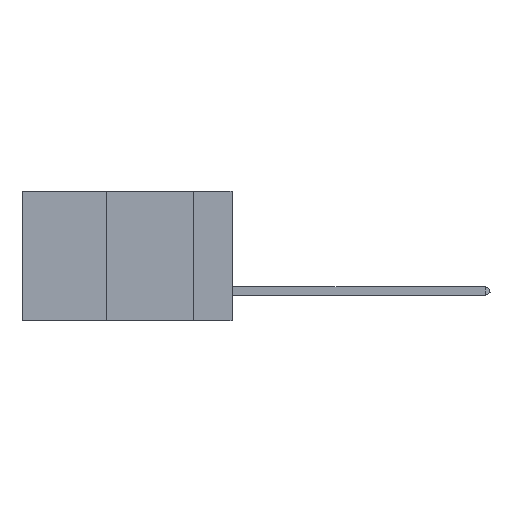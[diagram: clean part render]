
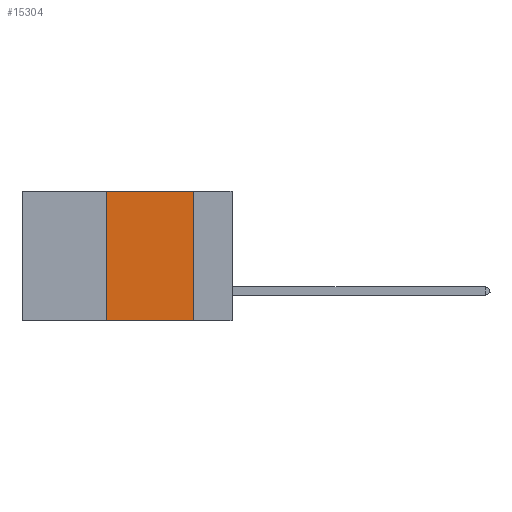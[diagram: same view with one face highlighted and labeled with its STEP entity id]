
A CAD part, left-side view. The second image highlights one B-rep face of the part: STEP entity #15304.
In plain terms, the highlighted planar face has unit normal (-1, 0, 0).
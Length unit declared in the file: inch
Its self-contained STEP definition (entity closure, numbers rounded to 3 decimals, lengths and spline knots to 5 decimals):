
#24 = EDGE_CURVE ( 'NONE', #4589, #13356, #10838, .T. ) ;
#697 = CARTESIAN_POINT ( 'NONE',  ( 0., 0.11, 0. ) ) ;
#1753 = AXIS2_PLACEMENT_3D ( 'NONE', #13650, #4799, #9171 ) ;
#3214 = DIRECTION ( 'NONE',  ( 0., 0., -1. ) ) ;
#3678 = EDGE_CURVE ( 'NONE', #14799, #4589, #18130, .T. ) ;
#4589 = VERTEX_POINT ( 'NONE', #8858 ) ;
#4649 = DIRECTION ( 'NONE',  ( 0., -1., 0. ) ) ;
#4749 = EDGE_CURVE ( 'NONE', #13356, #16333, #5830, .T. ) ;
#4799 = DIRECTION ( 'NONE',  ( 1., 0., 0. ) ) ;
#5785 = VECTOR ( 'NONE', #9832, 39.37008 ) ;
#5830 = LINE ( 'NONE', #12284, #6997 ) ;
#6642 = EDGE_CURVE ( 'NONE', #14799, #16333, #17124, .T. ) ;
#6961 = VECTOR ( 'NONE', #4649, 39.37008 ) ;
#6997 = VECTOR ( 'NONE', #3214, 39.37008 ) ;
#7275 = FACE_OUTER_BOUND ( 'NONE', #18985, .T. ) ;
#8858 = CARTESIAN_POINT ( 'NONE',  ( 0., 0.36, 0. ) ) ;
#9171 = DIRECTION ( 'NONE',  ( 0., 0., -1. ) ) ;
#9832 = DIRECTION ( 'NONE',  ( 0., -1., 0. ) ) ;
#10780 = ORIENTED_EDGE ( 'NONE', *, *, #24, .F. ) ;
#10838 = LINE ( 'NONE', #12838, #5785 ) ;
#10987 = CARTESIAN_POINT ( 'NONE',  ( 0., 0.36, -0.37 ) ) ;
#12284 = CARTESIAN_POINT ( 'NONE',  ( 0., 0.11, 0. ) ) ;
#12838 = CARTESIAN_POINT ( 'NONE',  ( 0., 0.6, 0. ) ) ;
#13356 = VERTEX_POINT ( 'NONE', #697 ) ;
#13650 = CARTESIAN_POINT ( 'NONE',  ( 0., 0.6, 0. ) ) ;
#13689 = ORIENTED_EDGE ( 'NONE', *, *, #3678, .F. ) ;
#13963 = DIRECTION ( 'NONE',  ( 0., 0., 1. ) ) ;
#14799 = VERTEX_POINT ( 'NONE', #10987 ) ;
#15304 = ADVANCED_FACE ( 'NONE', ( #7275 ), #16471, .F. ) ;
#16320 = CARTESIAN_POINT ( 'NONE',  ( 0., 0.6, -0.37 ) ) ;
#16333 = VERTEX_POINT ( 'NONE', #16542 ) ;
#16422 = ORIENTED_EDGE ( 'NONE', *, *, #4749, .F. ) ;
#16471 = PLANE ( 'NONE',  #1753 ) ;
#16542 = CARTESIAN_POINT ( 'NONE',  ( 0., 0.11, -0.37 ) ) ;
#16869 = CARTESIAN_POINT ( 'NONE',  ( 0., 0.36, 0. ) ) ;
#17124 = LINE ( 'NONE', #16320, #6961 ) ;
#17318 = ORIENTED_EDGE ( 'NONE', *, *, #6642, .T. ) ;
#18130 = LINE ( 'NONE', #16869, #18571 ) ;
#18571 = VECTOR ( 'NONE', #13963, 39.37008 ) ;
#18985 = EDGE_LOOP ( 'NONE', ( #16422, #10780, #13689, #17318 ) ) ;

## The problem:
Transcribe every record above in full. Pictures stay out of the copy.

## Finished exercise:
[diagram: clean part render]
[diagram: same view with one face highlighted and labeled with its STEP entity id]
A CAD part, left-side view. The second image highlights one B-rep face of the part: STEP entity #15304.
In plain terms, the highlighted planar face has unit normal (-1, 0, 0).
Length unit declared in the file: inch
Its self-contained STEP definition (entity closure, numbers rounded to 3 decimals, lengths and spline knots to 5 decimals):
#24 = EDGE_CURVE ( 'NONE', #4589, #13356, #10838, .T. ) ;
#697 = CARTESIAN_POINT ( 'NONE',  ( 0., 0.11, 0. ) ) ;
#1753 = AXIS2_PLACEMENT_3D ( 'NONE', #13650, #4799, #9171 ) ;
#3214 = DIRECTION ( 'NONE',  ( 0., 0., -1. ) ) ;
#3678 = EDGE_CURVE ( 'NONE', #14799, #4589, #18130, .T. ) ;
#4589 = VERTEX_POINT ( 'NONE', #8858 ) ;
#4649 = DIRECTION ( 'NONE',  ( 0., -1., 0. ) ) ;
#4749 = EDGE_CURVE ( 'NONE', #13356, #16333, #5830, .T. ) ;
#4799 = DIRECTION ( 'NONE',  ( 1., 0., 0. ) ) ;
#5785 = VECTOR ( 'NONE', #9832, 39.37008 ) ;
#5830 = LINE ( 'NONE', #12284, #6997 ) ;
#6642 = EDGE_CURVE ( 'NONE', #14799, #16333, #17124, .T. ) ;
#6961 = VECTOR ( 'NONE', #4649, 39.37008 ) ;
#6997 = VECTOR ( 'NONE', #3214, 39.37008 ) ;
#7275 = FACE_OUTER_BOUND ( 'NONE', #18985, .T. ) ;
#8858 = CARTESIAN_POINT ( 'NONE',  ( 0., 0.36, 0. ) ) ;
#9171 = DIRECTION ( 'NONE',  ( 0., 0., -1. ) ) ;
#9832 = DIRECTION ( 'NONE',  ( 0., -1., 0. ) ) ;
#10780 = ORIENTED_EDGE ( 'NONE', *, *, #24, .F. ) ;
#10838 = LINE ( 'NONE', #12838, #5785 ) ;
#10987 = CARTESIAN_POINT ( 'NONE',  ( 0., 0.36, -0.37 ) ) ;
#12284 = CARTESIAN_POINT ( 'NONE',  ( 0., 0.11, 0. ) ) ;
#12838 = CARTESIAN_POINT ( 'NONE',  ( 0., 0.6, 0. ) ) ;
#13356 = VERTEX_POINT ( 'NONE', #697 ) ;
#13650 = CARTESIAN_POINT ( 'NONE',  ( 0., 0.6, 0. ) ) ;
#13689 = ORIENTED_EDGE ( 'NONE', *, *, #3678, .F. ) ;
#13963 = DIRECTION ( 'NONE',  ( 0., 0., 1. ) ) ;
#14799 = VERTEX_POINT ( 'NONE', #10987 ) ;
#15304 = ADVANCED_FACE ( 'NONE', ( #7275 ), #16471, .F. ) ;
#16320 = CARTESIAN_POINT ( 'NONE',  ( 0., 0.6, -0.37 ) ) ;
#16333 = VERTEX_POINT ( 'NONE', #16542 ) ;
#16422 = ORIENTED_EDGE ( 'NONE', *, *, #4749, .F. ) ;
#16471 = PLANE ( 'NONE',  #1753 ) ;
#16542 = CARTESIAN_POINT ( 'NONE',  ( 0., 0.11, -0.37 ) ) ;
#16869 = CARTESIAN_POINT ( 'NONE',  ( 0., 0.36, 0. ) ) ;
#17124 = LINE ( 'NONE', #16320, #6961 ) ;
#17318 = ORIENTED_EDGE ( 'NONE', *, *, #6642, .T. ) ;
#18130 = LINE ( 'NONE', #16869, #18571 ) ;
#18571 = VECTOR ( 'NONE', #13963, 39.37008 ) ;
#18985 = EDGE_LOOP ( 'NONE', ( #16422, #10780, #13689, #17318 ) ) ;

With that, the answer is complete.